### ASSIGNMENT
Below are the records; give again exactly the line with "TP_Filter_Current_C : fl_lib/Electrical/Electrical", the line with "TP_Filter_Current_B_To_Simulink/1 -> TP_Filter_Current_B_Out/1", and each line that lies between them, and nothing besides.

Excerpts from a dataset
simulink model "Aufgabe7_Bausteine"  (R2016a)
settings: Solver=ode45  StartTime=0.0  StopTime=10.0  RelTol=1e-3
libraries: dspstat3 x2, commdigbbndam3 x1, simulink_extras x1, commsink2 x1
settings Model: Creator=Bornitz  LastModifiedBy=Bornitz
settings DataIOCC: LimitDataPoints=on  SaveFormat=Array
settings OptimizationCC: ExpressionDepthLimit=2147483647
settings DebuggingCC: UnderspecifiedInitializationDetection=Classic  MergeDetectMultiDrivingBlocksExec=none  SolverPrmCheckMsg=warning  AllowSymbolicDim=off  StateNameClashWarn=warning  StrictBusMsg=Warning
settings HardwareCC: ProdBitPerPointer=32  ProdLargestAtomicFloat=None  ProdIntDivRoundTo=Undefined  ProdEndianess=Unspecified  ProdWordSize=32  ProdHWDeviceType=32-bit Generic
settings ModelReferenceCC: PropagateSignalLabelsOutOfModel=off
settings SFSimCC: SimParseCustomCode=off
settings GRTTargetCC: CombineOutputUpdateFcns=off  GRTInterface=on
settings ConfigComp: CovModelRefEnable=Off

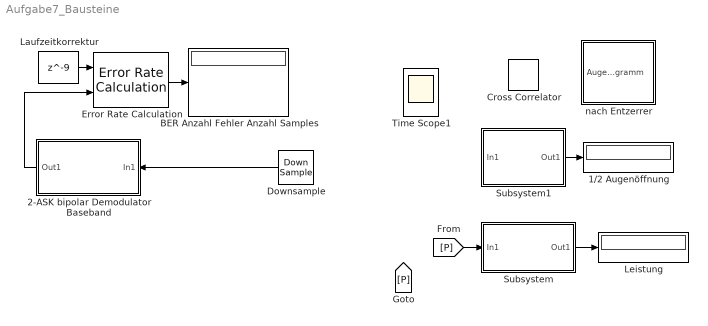
== system Aufgabe7_Bausteine ==
  1/2 Augenöffnung : Display
  2-ASK bipolar Demodulator Baseband : Subsystem
      mask Display:
      | plot(0,0,100,100,[20+1.5*[[0:.8:10] [10:1.6:20] [20:.8:30]] 65 65 65 65+10*[0 1 1 2 2 3]],[85+10*[sin([0:.8:10]*pi*2/5) sin([10:1.6:20]*pi/5) sin([20:.8:30]*pi*2/5)] 85 99 75 85+8*[1 1 -1 -1 1 1]]);
      | disp('\nGeneral\nASK-Demodulator')
  BER Anzahl Fehler Anzahl Samples : Display
      settings: Format=short_e  Decimation=2
  Cross Correlator : simulink_extras/Additional Sinks/Cross Correlator  npts=100  HowOften=50  sampleT=0.0002
  Downsample : DownSample  N=16  RateOptions=Allow multirate processing
  Error Rate Calculation : commsink2/Error Rate Calculation  N=0  st_delay=100  cp_mode=Entire frame  subframe=1  PMode=Port  WsName=ErrorVec  RsMode2=off  stop=off  numErr=100  maxBits=1e6
  Laufzeitkorrektur : Delay  DelayLength=9  InitialCondition=0  InputProcessing=Columns as channels (frame based)
  "Leistung " : Display
  Subsystem : Subsystem
      mask Display: disp('Leistungsmessung ')
  Subsystem1 : Subsystem
      mask Display:
      | image('eye.bmp','center')
      | disp('\n\n\nAugenöffnung')
  Time Scope1 : Scope
  nach Entzerrer : Subsystem
  wires:
  Error Rate Calculation/1 -> BER Anzahl Fehler Anzahl Samples/1
  Laufzeitkorrektur/1 -> Error Rate Calculation/1
  Downsample/1 -> 2-ASK bipolar Demodulator Baseband/1(In1)
  2-ASK bipolar Demodulator Baseband/1(Out1) -> Error Rate Calculation/2
  [P] -> Subsystem/1(In1)
  Subsystem/1(Out1) -> "Leistung "/1
  Subsystem1/1(Out1) -> 1/2 Augenöffnung/1

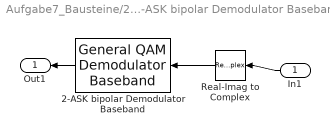
== system Aufgabe7_Bausteine/2-ASK bipolar Demodulator Baseband ==
  In1 : Inport
  2-ASK bipolar Demodulator Baseband : commdigbbndam3/General QAM Demodulator Baseband  SigCon=sigdem2  OutType=Integer  DecType=Hard decision  VarSource=Dialog  Variance=1  outDtypeBit=Inherit via internal rule  outDtype=Inherit via internal rule  roundingMode=Floor  overflowMode=Wrap  OvFlMode=off  OvFlModeLastStrValue=off  sigConstWordLen=16  sigConstDataTypeStr=Inherit: Same word length as input  sigConstLastDataTypeStr=Inherit: Same word length as input  accum1WordLen=32  accum1FracLen=30  prodInWordLen=32  prodInFracLen=30  prodInDataTypeStr=Inherit: Same as accumulator 1  prodInLastDataTypeStr=Inherit: Same as accumulator 1  prodOutWordLen=32  prodOutFracLen=30  accum2WordLen=32  accum2FracLen=30  accum3WordLen=32  accum3FracLen=30  nsiWordLen=32  nsiFracLen=30  nsiDataTypeStr=Inherit: Same as accumulator 3  nsiLastDataTypeStr=Inherit: Same as accumulator 3  invn0WordLen=16  invn0FracLen=8  invn0DataTypeStr=Inherit: Same word length as input  invn0LastDataTypeStr=Inherit: Same word length as input  outputWordLen=32  outputFracLen=30
  Real-Imag to Complex : RealImagToComplex  Input=Real
  Out1 : Outport
  wires:
  Real-Imag to Complex/1 -> 2-ASK bipolar Demodulator Baseband/1
  In1/1 -> Real-Imag to Complex/1
  2-ASK bipolar Demodulator Baseband/1 -> Out1/1

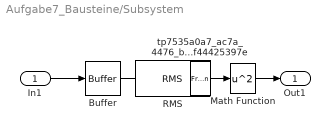
== system Aufgabe7_Bausteine/Subsystem ==
  In1 : Inport
  Buffer : Buffer  N=4000  TreatMby1Signals=One channel  OutputFrames=off
  Math Function : Math  Operator=square  SaturateOnIntegerOverflow=on
  RMS : dspstat3/RMS  run=off  reset_popup=None  InputProcessing=Columns as channels (frame based)  directionMode=Entire input  dimension=1
  tp7535a0a7_ac7a_4476_be6b_98f44425397e : FrameConversion  InheritSamplingMode=off
  Out1 : Outport
  wires:
  tp7535a0a7_ac7a_4476_be6b_98f44425397e/1 -> RMS/1
  Buffer/1 -> tp7535a0a7_ac7a_4476_be6b_98f44425397e/1
  Math Function/1 -> Out1/1
  In1/1 -> Buffer/1
  RMS/1 -> Math Function/1

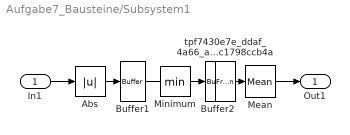
== system Aufgabe7_Bausteine/Subsystem1 ==
  In1 : Inport
  Abs : Abs
  Buffer1 : Buffer  N=20  V=4  TreatMby1Signals=One channel  OutputFrames=off
  Buffer2 : Buffer  N=20  V=4  TreatMby1Signals=One channel
  Mean : dspstat3/Mean  run=off  reset_popup=None  InputProcessing=Columns as channels (frame based)  directionMode=Each column  dimension=1  roiEnable=off  roiType=Rectangles  roiPortion=Entire ROI  roiOutput=Individual statistics for each ROI  roiFlag=off  outputDataTypeStr=Inherit: Same as accumulator  outputLastDataTypeStr=Inherit: Same as accumulator  outputMin=[]  outputMax=[]  roundingMode=Floor  overflowMode=off
  Minimum : MinMax
  tpf7430e7e_ddaf_4a66_a69d_5cc1798ccb4a : FrameConversion  InheritSamplingMode=off
  Out1 : Outport
  wires:
  tpf7430e7e_ddaf_4a66_a69d_5cc1798ccb4a/1 -> Minimum/1
  Buffer1/1 -> tpf7430e7e_ddaf_4a66_a69d_5cc1798ccb4a/1
  Mean/1 -> Out1/1
  In1/1 -> Abs/1
  Buffer2/1 -> Mean/1
  Minimum/1 -> Buffer2/1
  Abs/1 -> Buffer1/1

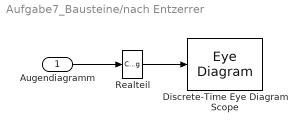
== system Aufgabe7_Bausteine/nach Entzerrer ==
  Augendiagramm : Inport
  Discrete-Time Eye Diagram Scope : EyeDiagram  Tag=EyeDiagram
  Realteil : ComplexToRealImag  Output=Real
  wires:
  Realteil/1 -> Discrete-Time Eye Diagram Scope/1
  Augendiagramm/1 -> Realteil/1
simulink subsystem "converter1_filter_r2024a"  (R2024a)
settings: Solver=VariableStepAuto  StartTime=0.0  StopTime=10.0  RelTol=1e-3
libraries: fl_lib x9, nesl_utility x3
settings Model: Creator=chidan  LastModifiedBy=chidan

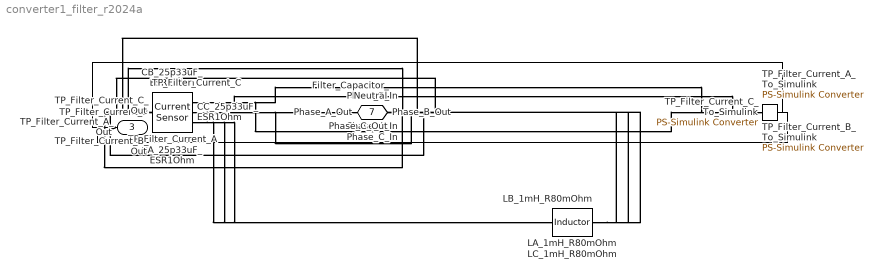
== system converter1_filter_r2024a ==
  CA_25p33uF_ESR1Ohm : fl_lib/Electrical/Electrical Elements/Capacitor  c=25.33029591e-6 F  r=1.0 Ohm  g=0 1/Ohm  i_specify=off  i_priority=None  i=0 A  i_nominal_specify=off  i_nominal_value=1  i_nominal_unit=A  v_specify=off  v_priority=None  v=0 V  v_nominal_specify=off  v_nominal_value=1  v_nominal_unit=V  vc_specify=off  vc_priority=High  vc=0 V  vc_nominal_specify=off  vc_nominal_value=1  vc_nominal_unit=V
  CB_25p33uF_ESR1Ohm : fl_lib/Electrical/Electrical Elements/Capacitor  c=25.33029591e-6 F  r=1.0 Ohm  g=0 1/Ohm  i_specify=off  i_priority=None  i=0 A  i_nominal_specify=off  i_nominal_value=1  i_nominal_unit=A  v_specify=off  v_priority=None  v=0 V  v_nominal_specify=off  v_nominal_value=1  v_nominal_unit=V  vc_specify=off  vc_priority=High  vc=0 V  vc_nominal_specify=off  vc_nominal_value=1  vc_nominal_unit=V
  CC_25p33uF_ESR1Ohm : fl_lib/Electrical/Electrical Elements/Capacitor  c=25.33029591e-6 F  r=1.0 Ohm  g=0 1/Ohm  i_specify=off  i_priority=None  i=0 A  i_nominal_specify=off  i_nominal_value=1  i_nominal_unit=A  v_specify=off  v_priority=None  v=0 V  v_nominal_specify=off  v_nominal_value=1  v_nominal_unit=V  vc_specify=off  vc_priority=High  vc=0 V  vc_nominal_specify=off  vc_nominal_value=1  vc_nominal_unit=V
  LA_1mH_R80mOhm : fl_lib/Electrical/Electrical Elements/Inductor  l=1e-3 H  r=0.08 Ohm  g=1e-9 1/Ohm  i_specify=off  i_priority=None  i=0 A  i_nominal_specify=off  i_nominal_value=1  i_nominal_unit=A  v_specify=off  v_priority=None  v=0 V  v_nominal_specify=off  v_nominal_value=1  v_nominal_unit=V  i_L_specify=off  i_L_priority=High  i_L=0 A  i_L_nominal_specify=off  i_L_nominal_value=1  i_L_nominal_unit=A
  LB_1mH_R80mOhm : fl_lib/Electrical/Electrical Elements/Inductor  l=1e-3 H  r=0.08 Ohm  g=1e-9 1/Ohm  i_specify=off  i_priority=None  i=0 A  i_nominal_specify=off  i_nominal_value=1  i_nominal_unit=A  v_specify=off  v_priority=None  v=0 V  v_nominal_specify=off  v_nominal_value=1  v_nominal_unit=V  i_L_specify=off  i_L_priority=High  i_L=0 A  i_L_nominal_specify=off  i_L_nominal_value=1  i_L_nominal_unit=A
  LC_1mH_R80mOhm : fl_lib/Electrical/Electrical Elements/Inductor  l=1e-3 H  r=0.08 Ohm  g=1e-9 1/Ohm  i_specify=off  i_priority=None  i=0 A  i_nominal_specify=off  i_nominal_value=1  i_nominal_unit=A  v_specify=off  v_priority=None  v=0 V  v_nominal_specify=off  v_nominal_value=1  v_nominal_unit=V  i_L_specify=off  i_L_priority=High  i_L=0 A  i_L_nominal_specify=off  i_L_nominal_value=1  i_L_nominal_unit=A
  TP_Filter_Current_A : fl_lib/Electrical/Electrical Sensors/Current Sensor
  TP_Filter_Current_A_To_Simulink : nesl_utility/PS-Simulink Converter  PhysicalDomain=network_engine_domain  SubClassName=ps_output  LeftPortType=input  RightPortType=output  PseudoPeriodic=off  Frequencies=[]  VectorFormat=inherit  Unit=inherit  AffineConversion=off
  TP_Filter_Current_B : fl_lib/Electrical/Electrical Sensors/Current Sensor
  TP_Filter_Current_B_To_Simulink : nesl_utility/PS-Simulink Converter  PhysicalDomain=network_engine_domain  SubClassName=ps_output  LeftPortType=input  RightPortType=output  PseudoPeriodic=off  Frequencies=[]  VectorFormat=inherit  Unit=inherit  AffineConversion=off
  TP_Filter_Current_C : fl_lib/Electrical/Electrical Sensors/Current Sensor
  TP_Filter_Current_C_To_Simulink : nesl_utility/PS-Simulink Converter  PhysicalDomain=network_engine_domain  SubClassName=ps_output  LeftPortType=input  RightPortType=output  PseudoPeriodic=off  Frequencies=[]  VectorFormat=inherit  Unit=inherit  AffineConversion=off
  Phase_A_In : PMIOPort  Side=Left
  Phase_B_In : PMIOPort  Port=2  Side=Left
  Phase_C_In : PMIOPort  Port=3  Side=Left
  Phase_A_Out : PMIOPort  Port=4  Side=Right
  Phase_B_Out : PMIOPort  Port=5  Side=Right
  Phase_C_Out : PMIOPort  Port=6  Side=Right
  Filter_Capacitor_Neutral : PMIOPort  Port=7  Side=Right
  TP_Filter_Current_A_Out : Outport
  TP_Filter_Current_B_Out : Outport  Port=2
  TP_Filter_Current_C_Out : Outport  Port=3
  wires:
  TP_Filter_Current_A_To_Simulink/1 -> TP_Filter_Current_A_Out/1
  TP_Filter_Current_B_To_Simulink/1 -> TP_Filter_Current_B_Out/1
  TP_Filter_Current_C_To_Simulink/1 -> TP_Filter_Current_C_Out/1
  connections:
  Phase_A_Out/RConn1 -- CA_25p33uF_ESR1Ohm/LConn1 -- LA_1mH_R80mOhm/RConn1
  CA_25p33uF_ESR1Ohm/RConn1 -- CC_25p33uF_ESR1Ohm/RConn1 -- Filter_Capacitor_Neutral/RConn1 -- CB_25p33uF_ESR1Ohm/RConn1
  Phase_B_Out/RConn1 -- CB_25p33uF_ESR1Ohm/LConn1 -- LB_1mH_R80mOhm/RConn1
  Phase_C_Out/RConn1 -- CC_25p33uF_ESR1Ohm/LConn1 -- LC_1mH_R80mOhm/RConn1
  TP_Filter_Current_A/RConn2 -- LA_1mH_R80mOhm/LConn1
  TP_Filter_Current_A/RConn1 -- TP_Filter_Current_A_To_Simulink/LConn1
  TP_Filter_Current_B/RConn2 -- LB_1mH_R80mOhm/LConn1
  TP_Filter_Current_B/RConn1 -- TP_Filter_Current_B_To_Simulink/LConn1
  TP_Filter_Current_C/RConn2 -- LC_1mH_R80mOhm/LConn1
  TP_Filter_Current_C/RConn1 -- TP_Filter_Current_C_To_Simulink/LConn1
  Phase_A_In/RConn1 -- TP_Filter_Current_A/LConn1
  Phase_B_In/RConn1 -- TP_Filter_Current_B/LConn1
  Phase_C_In/RConn1 -- TP_Filter_Current_C/LConn1

### COMPLETED TASK
  TP_Filter_Current_C : fl_lib/Electrical/Electrical Sensors/Current Sensor
  TP_Filter_Current_C_To_Simulink : nesl_utility/PS-Simulink Converter  PhysicalDomain=network_engine_domain  SubClassName=ps_output  LeftPortType=input  RightPortType=output  PseudoPeriodic=off  Frequencies=[]  VectorFormat=inherit  Unit=inherit  AffineConversion=off
  Phase_A_In : PMIOPort  Side=Left
  Phase_B_In : PMIOPort  Port=2  Side=Left
  Phase_C_In : PMIOPort  Port=3  Side=Left
  Phase_A_Out : PMIOPort  Port=4  Side=Right
  Phase_B_Out : PMIOPort  Port=5  Side=Right
  Phase_C_Out : PMIOPort  Port=6  Side=Right
  Filter_Capacitor_Neutral : PMIOPort  Port=7  Side=Right
  TP_Filter_Current_A_Out : Outport
  TP_Filter_Current_B_Out : Outport  Port=2
  TP_Filter_Current_C_Out : Outport  Port=3
  wires:
  TP_Filter_Current_A_To_Simulink/1 -> TP_Filter_Current_A_Out/1
  TP_Filter_Current_B_To_Simulink/1 -> TP_Filter_Current_B_Out/1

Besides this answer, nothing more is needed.